Short round Indian man in Stedmans. Behind him a rainbow of long shoehorns. Two feet long. He smiles and wheezes. Did you know that there are things about emphysema that are pleasurable? It’s true. Your lungs can feel soft. Your body’s gratitude for small oxygen is thrilling. You can feel great. I ask about kids clothes. He waves to a rack of things by the ties.
The kid is thin. I grab a t-shirt. Pale blue. Wolf. Nah.
“Pick something.”
The kid looks up. He warily brushes the clothes. Performing, at first, self-conscious, then he makes a choice. I admire this. See who sees you. Then get what you want. He picks a plain brown t-shirt and some jeans. No socks, no underwear. The runners he has on are fine. He strips in the middle of the store and tosses the boy scout shit onto a table of candles. I catch the clerk watching us in the security mirror. Whatever, man. You look like a fuckin’ duck.
The Youth Drop-in has been merged with an AA meeting in the back of an auto body shop. Teenagers and coffee-sipping drunks mix outside. In the past this would be a scene of terrible rape and probably beating. Maybe even death. Now, its all little cheese fingers and cigarette smoke stuck to faces. I wish the kid would talk. He has not spoken once.
I get through the small group and enter the building. It’s a lunchroom for the employees. Chairs in a circle. Some pastries on a glass plate. I have to look down for a second to see a woman with long grey hair and a guitar. I gasp. The face opens up along that line again. That’s going to bother me in time.
“Hi there. I’m Bob.”
Not my name. The woman looks up, her face behind long grey hair.
“Well, hi, Bob. I’m Ashley.”
We both look at the boy for a moment, then look away.
“You’re welcome here.”
There are slogans on the walls. A picture of Jesus.
“Really. You are.”
I can’t look down. The talking face is distracting. Like a TV. I want to hear what’s being said on it.
“Good. Thank you.”
Still can’t look. Makes it harder. I sit. There. The egg settles above the line. Fuckin’ stroke.

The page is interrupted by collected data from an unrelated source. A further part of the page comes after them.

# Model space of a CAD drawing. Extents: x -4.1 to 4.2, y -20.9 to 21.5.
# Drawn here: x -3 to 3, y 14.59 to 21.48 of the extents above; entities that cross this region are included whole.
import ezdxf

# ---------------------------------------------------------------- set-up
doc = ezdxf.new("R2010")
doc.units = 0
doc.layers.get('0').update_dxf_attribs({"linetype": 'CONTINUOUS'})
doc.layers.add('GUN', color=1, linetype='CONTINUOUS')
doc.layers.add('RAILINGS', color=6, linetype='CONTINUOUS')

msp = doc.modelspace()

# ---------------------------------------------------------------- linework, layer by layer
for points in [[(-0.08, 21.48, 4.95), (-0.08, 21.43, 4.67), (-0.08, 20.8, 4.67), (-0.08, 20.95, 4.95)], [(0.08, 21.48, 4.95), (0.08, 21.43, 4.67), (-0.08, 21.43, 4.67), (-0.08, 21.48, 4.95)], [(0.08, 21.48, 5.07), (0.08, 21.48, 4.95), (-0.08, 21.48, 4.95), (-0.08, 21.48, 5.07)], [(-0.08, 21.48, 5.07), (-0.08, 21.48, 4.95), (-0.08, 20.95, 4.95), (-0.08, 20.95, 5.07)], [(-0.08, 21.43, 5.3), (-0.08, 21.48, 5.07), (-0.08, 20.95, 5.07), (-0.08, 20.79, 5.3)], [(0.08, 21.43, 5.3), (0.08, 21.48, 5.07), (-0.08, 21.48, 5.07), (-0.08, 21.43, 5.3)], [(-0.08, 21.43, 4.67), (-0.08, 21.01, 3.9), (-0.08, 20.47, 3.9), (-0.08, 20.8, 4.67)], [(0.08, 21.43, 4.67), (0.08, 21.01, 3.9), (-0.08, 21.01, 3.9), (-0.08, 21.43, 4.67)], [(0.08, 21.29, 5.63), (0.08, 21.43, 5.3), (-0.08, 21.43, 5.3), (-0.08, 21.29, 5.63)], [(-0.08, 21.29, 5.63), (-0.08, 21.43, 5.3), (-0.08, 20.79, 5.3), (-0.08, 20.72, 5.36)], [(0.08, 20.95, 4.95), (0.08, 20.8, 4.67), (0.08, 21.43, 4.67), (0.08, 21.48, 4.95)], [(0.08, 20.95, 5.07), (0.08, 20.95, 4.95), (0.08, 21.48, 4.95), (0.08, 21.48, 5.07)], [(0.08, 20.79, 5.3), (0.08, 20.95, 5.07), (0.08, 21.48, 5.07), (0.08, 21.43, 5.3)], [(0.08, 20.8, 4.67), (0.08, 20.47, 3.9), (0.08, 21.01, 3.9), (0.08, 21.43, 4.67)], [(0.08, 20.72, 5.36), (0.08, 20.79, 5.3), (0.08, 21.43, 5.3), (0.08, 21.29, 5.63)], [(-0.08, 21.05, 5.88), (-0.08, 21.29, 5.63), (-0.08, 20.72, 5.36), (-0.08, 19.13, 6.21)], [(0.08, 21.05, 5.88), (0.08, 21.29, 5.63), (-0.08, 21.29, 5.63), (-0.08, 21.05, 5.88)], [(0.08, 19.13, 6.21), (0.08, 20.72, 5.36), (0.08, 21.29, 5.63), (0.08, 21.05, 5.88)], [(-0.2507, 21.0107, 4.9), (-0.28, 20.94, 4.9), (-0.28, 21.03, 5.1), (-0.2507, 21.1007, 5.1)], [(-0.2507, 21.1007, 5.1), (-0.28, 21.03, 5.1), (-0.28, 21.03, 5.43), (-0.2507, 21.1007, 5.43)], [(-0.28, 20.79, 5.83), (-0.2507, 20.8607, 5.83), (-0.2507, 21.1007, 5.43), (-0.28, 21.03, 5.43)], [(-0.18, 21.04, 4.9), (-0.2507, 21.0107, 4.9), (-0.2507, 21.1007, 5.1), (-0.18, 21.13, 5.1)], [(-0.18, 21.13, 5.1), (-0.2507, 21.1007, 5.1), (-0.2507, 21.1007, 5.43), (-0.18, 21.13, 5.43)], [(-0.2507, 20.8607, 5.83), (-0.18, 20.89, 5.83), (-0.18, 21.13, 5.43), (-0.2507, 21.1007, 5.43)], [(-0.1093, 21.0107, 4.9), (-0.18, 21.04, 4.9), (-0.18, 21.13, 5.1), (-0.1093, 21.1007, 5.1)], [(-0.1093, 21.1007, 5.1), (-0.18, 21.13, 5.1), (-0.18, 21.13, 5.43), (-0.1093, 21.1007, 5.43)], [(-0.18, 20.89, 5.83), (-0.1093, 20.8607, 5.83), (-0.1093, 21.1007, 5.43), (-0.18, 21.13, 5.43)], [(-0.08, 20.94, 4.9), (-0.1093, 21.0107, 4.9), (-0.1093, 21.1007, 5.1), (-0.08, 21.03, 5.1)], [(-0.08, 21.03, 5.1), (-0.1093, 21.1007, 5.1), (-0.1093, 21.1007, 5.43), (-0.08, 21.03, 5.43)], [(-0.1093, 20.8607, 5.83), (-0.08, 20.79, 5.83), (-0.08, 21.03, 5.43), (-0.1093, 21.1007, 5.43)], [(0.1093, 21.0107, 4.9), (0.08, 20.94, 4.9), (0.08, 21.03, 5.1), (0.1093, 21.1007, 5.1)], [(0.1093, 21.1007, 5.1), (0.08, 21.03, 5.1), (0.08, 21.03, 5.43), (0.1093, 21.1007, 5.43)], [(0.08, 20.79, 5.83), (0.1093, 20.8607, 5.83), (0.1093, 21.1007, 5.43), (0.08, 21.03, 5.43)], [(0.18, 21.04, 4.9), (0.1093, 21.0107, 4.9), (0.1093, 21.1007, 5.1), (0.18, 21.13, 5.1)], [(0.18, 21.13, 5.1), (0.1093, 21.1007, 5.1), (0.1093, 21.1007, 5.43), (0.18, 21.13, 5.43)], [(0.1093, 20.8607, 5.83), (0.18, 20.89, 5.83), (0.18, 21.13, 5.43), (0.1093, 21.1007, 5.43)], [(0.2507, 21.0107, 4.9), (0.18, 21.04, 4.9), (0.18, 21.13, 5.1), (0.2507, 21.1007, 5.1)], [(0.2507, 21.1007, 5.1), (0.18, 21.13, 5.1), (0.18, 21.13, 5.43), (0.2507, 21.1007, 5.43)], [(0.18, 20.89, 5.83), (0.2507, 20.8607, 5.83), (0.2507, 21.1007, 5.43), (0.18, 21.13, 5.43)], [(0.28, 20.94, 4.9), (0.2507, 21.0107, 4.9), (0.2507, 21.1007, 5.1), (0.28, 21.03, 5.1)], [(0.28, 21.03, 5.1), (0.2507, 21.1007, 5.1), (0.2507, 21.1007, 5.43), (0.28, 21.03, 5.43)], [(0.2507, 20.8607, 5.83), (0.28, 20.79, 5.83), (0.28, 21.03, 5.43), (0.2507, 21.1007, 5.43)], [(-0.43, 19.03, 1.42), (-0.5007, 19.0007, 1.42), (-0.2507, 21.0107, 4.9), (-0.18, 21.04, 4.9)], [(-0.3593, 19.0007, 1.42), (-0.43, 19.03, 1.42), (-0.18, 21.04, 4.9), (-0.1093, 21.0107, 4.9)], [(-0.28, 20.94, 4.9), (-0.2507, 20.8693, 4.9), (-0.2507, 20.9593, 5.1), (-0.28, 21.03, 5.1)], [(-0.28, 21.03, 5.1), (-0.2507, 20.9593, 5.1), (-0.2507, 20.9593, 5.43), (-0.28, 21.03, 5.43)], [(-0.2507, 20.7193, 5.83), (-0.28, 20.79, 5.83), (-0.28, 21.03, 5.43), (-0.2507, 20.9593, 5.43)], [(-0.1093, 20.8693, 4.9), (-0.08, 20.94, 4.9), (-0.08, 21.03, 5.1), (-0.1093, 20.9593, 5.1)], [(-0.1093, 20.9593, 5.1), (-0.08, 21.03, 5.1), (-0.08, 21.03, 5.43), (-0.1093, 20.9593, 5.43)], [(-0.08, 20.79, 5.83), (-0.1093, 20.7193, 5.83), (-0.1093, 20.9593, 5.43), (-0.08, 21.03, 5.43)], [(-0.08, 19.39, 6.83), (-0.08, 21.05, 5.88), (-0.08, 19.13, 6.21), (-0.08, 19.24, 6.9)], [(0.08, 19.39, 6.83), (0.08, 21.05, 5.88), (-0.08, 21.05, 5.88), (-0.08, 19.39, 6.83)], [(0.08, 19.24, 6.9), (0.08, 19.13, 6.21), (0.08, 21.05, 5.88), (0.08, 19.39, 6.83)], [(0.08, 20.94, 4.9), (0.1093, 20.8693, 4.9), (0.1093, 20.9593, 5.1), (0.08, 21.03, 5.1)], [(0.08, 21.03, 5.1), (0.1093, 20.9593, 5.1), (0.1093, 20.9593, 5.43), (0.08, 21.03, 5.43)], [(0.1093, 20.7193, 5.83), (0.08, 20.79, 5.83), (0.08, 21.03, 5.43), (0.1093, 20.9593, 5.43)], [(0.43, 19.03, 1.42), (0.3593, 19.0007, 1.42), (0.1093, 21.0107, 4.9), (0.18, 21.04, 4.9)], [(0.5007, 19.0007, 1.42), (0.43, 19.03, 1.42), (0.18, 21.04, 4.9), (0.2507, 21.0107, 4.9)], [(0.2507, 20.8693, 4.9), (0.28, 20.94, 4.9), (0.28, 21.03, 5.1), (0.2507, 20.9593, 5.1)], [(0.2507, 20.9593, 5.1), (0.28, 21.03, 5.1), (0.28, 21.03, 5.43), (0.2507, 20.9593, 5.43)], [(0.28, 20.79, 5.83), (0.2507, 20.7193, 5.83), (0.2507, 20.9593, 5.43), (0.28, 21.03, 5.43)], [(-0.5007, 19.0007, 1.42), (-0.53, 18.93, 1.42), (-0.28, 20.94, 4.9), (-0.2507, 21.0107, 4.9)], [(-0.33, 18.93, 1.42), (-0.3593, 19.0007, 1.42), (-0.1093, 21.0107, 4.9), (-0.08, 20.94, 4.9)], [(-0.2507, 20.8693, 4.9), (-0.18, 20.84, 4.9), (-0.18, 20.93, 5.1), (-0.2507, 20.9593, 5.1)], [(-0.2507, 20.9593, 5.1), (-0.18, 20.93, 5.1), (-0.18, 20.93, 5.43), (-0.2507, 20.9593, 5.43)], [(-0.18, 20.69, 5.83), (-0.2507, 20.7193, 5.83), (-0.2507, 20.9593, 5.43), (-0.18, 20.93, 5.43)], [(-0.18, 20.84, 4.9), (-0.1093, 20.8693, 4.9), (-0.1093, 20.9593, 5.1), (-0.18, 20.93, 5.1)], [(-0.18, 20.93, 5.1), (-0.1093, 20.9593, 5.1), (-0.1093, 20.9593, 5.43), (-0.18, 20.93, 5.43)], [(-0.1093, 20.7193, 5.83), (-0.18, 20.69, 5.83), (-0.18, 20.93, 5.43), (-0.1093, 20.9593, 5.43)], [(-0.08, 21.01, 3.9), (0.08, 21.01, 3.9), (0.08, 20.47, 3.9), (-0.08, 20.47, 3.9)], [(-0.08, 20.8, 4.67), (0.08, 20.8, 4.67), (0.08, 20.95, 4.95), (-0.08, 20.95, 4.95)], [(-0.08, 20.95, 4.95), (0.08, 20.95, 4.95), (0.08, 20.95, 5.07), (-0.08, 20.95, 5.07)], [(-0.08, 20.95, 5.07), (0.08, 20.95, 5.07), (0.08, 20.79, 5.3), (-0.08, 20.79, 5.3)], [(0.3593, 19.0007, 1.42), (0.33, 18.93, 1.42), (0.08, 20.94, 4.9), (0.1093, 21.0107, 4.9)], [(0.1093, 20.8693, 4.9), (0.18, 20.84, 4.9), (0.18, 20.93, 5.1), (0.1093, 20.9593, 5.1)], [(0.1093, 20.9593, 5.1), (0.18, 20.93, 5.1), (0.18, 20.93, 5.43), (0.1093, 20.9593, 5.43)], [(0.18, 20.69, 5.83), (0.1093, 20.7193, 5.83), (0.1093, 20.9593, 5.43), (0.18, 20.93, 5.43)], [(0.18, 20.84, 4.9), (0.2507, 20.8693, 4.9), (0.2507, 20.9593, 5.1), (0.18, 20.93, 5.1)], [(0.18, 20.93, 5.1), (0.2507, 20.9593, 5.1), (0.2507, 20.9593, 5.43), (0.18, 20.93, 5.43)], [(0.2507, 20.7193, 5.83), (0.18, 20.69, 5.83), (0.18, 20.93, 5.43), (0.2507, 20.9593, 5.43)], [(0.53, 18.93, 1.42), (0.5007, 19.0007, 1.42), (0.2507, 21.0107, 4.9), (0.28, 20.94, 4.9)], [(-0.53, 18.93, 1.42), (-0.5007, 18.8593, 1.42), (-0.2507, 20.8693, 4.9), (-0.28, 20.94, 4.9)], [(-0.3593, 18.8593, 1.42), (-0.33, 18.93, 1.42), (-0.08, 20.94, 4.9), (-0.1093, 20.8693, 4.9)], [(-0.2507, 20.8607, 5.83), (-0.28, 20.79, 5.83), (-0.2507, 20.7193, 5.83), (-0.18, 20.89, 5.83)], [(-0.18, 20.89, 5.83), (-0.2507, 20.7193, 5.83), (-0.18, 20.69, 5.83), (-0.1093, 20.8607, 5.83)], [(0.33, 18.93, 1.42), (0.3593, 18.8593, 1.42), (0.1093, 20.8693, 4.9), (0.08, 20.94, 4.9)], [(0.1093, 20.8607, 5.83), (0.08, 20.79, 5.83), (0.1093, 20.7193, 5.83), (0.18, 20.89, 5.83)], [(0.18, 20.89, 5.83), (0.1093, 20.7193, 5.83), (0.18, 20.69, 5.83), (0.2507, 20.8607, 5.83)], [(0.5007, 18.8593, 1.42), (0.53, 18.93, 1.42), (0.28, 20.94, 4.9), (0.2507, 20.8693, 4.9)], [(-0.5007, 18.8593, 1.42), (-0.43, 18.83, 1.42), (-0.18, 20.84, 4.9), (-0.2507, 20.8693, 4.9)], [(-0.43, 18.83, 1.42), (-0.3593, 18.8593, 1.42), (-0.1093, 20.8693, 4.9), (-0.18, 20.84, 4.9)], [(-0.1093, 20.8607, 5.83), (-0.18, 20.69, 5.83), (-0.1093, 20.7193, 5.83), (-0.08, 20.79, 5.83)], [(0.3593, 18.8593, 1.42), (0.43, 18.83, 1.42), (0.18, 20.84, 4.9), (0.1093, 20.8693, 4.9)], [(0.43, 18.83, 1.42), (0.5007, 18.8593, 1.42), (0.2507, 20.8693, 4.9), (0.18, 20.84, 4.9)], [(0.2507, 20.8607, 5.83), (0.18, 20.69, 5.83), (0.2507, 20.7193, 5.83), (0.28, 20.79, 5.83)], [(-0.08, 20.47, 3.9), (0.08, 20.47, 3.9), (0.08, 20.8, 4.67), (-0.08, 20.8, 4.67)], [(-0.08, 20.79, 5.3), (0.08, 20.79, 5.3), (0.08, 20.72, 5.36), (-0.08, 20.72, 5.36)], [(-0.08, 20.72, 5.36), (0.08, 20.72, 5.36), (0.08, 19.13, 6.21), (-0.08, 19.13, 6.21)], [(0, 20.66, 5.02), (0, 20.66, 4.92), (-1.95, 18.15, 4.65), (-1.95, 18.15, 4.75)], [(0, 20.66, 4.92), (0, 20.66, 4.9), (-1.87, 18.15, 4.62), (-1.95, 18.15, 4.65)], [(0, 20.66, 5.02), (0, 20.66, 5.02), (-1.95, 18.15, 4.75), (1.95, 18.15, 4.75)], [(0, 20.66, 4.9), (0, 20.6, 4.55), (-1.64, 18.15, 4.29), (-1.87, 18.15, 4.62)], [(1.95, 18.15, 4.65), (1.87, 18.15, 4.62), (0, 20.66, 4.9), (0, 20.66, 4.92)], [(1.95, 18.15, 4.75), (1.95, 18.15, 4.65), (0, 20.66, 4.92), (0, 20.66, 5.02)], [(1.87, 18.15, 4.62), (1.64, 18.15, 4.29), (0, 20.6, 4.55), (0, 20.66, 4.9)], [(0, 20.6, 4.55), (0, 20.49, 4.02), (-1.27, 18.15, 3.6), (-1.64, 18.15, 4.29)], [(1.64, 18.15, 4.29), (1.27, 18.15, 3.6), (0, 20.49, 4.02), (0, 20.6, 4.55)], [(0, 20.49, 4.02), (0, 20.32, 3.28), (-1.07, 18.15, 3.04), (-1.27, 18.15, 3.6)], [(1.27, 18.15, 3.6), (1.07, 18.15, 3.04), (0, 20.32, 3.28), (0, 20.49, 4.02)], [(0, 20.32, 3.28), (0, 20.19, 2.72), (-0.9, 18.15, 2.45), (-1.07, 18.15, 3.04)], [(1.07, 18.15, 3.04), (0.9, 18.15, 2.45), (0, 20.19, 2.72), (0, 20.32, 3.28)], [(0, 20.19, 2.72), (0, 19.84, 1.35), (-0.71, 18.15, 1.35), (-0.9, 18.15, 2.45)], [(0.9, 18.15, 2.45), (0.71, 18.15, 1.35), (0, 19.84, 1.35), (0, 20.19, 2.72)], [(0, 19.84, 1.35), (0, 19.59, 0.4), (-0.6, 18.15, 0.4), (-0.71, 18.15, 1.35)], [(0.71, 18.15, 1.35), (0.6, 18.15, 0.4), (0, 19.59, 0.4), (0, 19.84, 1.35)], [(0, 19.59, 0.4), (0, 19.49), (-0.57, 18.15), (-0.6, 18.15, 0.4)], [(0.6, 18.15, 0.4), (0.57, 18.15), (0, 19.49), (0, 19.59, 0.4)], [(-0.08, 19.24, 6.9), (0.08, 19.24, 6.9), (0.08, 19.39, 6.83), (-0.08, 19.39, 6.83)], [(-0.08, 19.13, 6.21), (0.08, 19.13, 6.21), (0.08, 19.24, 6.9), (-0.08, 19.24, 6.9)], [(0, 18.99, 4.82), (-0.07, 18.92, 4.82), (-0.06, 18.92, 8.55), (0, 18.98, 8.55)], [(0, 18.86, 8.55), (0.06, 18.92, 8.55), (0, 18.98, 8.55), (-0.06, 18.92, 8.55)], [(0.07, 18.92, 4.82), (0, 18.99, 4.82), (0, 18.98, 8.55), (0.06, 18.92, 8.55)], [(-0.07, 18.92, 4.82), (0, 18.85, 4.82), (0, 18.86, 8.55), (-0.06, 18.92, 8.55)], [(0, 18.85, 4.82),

“Can I ask you a question, Ashley?”
Ashley bangs a thumb softly on a string.
“Shoot.”
“You know pretty much everybody who comes out to this?”
Ashley frowns deeply and thinks.
“The regulars. Yeah. Why? You looking for someone?”
I lean forward, elbows to knees. Ashley smiles at the kid.
“I am, yes. He’s a thin guy. Gotta funny haircut.”
Ashley gives me a hard look.
“That’s weird. Why would you be looking for him?”
“You’ve seen him? You know him?”
Ashley appears to think again. A performance. Neurotic. She pretends to feel things. Acts like she knows.
“Nope. And I know everybody who comes to these meetings. Nobody new. Nobody different.”
That’s not what you said at first. Not precisely.
There’s hollering outside. Ashley looks at me. She’s still pretending to think about the guy I’m looking for. She thinks, then shakes her head no. I don’t like the hollering outside. Neither does the kid. He’s turned in his chair. It’s 6:45 p.m. The door opens. A teenage girl. She is dramatic. Old Fashioned.
“Chris is on the ground.”
I stand outside the circle around Chris. He is having a seizure. It’s raining. Warm rain. The kids are hugging each other and weeping. The drama teen is down beside Chris.
“No, Chris. No! You can’t die! You can’t! I’ll never find you!”
Chris stops seizing. His hair is soaked. His face the colour of shrimp. He’s sick alright. He’s burning. I can see blood surfacing on his finger tips. He coughs up bright blood. One of his eyes slips below the socket. Thick fluids fill the space. This is viral. Virus is rare. A perfect storm. The receptors have to take territory in the stem cells. Your body has to make the virus. Give it life. Frankenstein. He coughs again and a mist of blood covers his forehead.
Since I’m not certain if these Frankensteins are physically present and therefore contagious, I push the boy back. I don’t need to be here.
The boy and I slip away. The girl falls on Chris, wailing. We hear a muffled
Twenty years ago. That’s when people stopped dying properly. They were dead inasmuch as they stopped being people. But they were alive because they never ceased to move. They didn’t walk. They didn’t do things. They just moved. A strange gentle agitation. Like Parkinson’s disease that kept on post-mortem.